Recorded data:
____________________
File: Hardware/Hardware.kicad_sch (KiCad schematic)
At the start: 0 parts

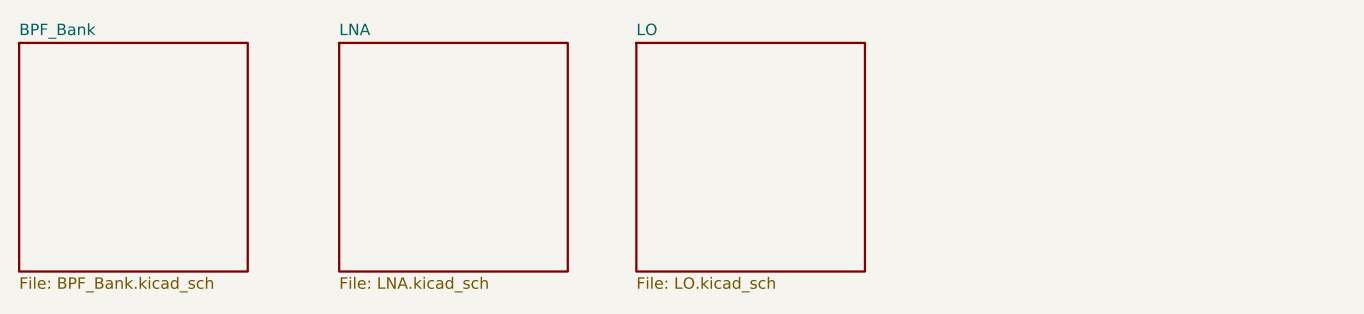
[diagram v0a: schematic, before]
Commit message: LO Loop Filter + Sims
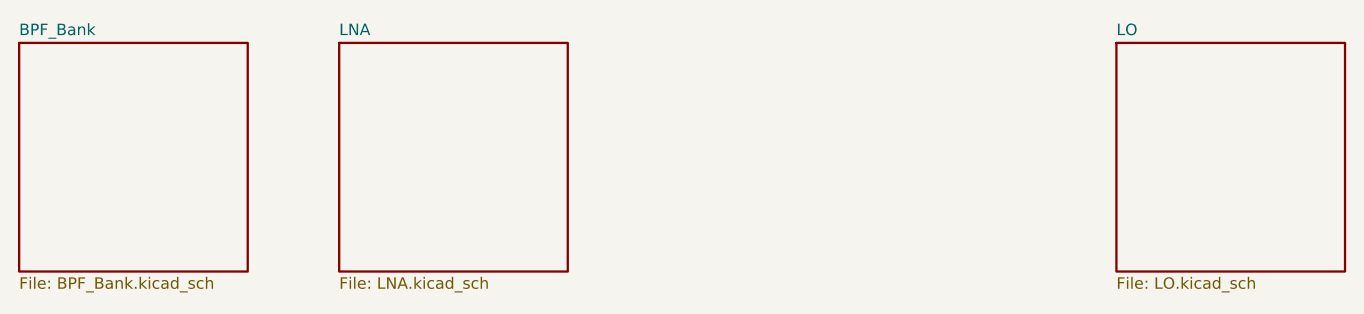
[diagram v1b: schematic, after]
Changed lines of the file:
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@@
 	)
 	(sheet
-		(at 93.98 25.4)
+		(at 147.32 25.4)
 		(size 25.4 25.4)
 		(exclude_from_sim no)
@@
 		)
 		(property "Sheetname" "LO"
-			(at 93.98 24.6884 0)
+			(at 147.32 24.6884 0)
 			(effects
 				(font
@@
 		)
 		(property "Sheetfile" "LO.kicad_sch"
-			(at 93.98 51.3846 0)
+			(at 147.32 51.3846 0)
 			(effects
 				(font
____________________
BRIEF » Type out all the records verbatim, minus images.

YOUR RESPONSE »
File: Hardware/Hardware.kicad_sch (KiCad schematic)
At the start: 0 parts

[diagram v0a: schematic, before]
Commit message: LO Loop Filter + Sims
[diagram v1b: schematic, after]
Changed lines of the file:
@@
 	)
 	(sheet
-		(at 93.98 25.4)
+		(at 147.32 25.4)
 		(size 25.4 25.4)
 		(exclude_from_sim no)
@@
 		)
 		(property "Sheetname" "LO"
-			(at 93.98 24.6884 0)
+			(at 147.32 24.6884 0)
 			(effects
 				(font
@@
 		)
 		(property "Sheetfile" "LO.kicad_sch"
-			(at 93.98 51.3846 0)
+			(at 147.32 51.3846 0)
 			(effects
 				(font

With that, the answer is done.